KNIME "Python Script" Node slow compared to community node

I am finding that passing data from KNIME noes into the "Python script (1=>1)" is very slow and scales very poorly above 100,000's of rows.

There are at least two previous reports of same issue that have some history to older versions:

https://tech.knime.org/forum/scripting-integrations/is-there-a-way-to-speed-up-passing-data-tofrom-python-nodes'

https://tech.knime.org/forum/knime-users/knime-data-transfer-to-python-seems-slow

Configuration:

KNIME 3.4.0

Anaconda Python 2.7

Concrete example:

Create data with "Python Source" node and code:

   from pandas import DataFrame
   import numpy as np

   output_table = DataFrame(np.ones((100000,3)))
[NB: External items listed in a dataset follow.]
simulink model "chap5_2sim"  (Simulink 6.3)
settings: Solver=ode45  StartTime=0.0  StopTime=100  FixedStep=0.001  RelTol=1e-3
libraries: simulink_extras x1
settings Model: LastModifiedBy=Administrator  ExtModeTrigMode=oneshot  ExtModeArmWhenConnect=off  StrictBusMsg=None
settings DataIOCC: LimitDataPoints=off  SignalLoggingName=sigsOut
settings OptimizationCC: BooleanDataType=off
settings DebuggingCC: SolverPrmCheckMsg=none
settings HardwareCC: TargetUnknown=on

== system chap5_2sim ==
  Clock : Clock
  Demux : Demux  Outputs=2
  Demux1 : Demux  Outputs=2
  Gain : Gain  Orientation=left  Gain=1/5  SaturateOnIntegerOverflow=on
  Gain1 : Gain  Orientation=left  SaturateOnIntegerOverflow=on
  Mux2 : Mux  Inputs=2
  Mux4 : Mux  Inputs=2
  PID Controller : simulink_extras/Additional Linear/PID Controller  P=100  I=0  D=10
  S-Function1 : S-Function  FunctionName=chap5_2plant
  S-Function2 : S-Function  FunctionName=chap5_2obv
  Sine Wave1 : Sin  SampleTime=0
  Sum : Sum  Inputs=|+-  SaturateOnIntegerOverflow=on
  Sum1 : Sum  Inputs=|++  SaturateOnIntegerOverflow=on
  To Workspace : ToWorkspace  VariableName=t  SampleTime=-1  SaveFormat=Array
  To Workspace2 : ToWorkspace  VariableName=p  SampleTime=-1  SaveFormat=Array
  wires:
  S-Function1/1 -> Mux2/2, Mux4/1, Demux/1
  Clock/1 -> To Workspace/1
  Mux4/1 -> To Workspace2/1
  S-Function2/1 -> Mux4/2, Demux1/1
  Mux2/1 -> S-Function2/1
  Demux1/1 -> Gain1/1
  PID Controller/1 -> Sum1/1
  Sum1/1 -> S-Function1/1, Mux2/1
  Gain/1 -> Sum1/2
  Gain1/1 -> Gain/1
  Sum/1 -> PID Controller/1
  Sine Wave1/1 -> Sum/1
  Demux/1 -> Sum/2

Pass into a default "Python scipt (1=>1) - run time =20s

Pass into defgault community "python snippet" - run time = 2s

The KNIME python nodes scale very poorly with data size, I suspect a data frame is being grown inefficiently via a series of cancatenations.

Any ideas?  Really want this resolved.

Thanks

 

1 Like

Hi there. We’re working on streamlining that process. You might be interested to try the new Python Labs extension which has made some initial speed improvements (with more being worked on currently).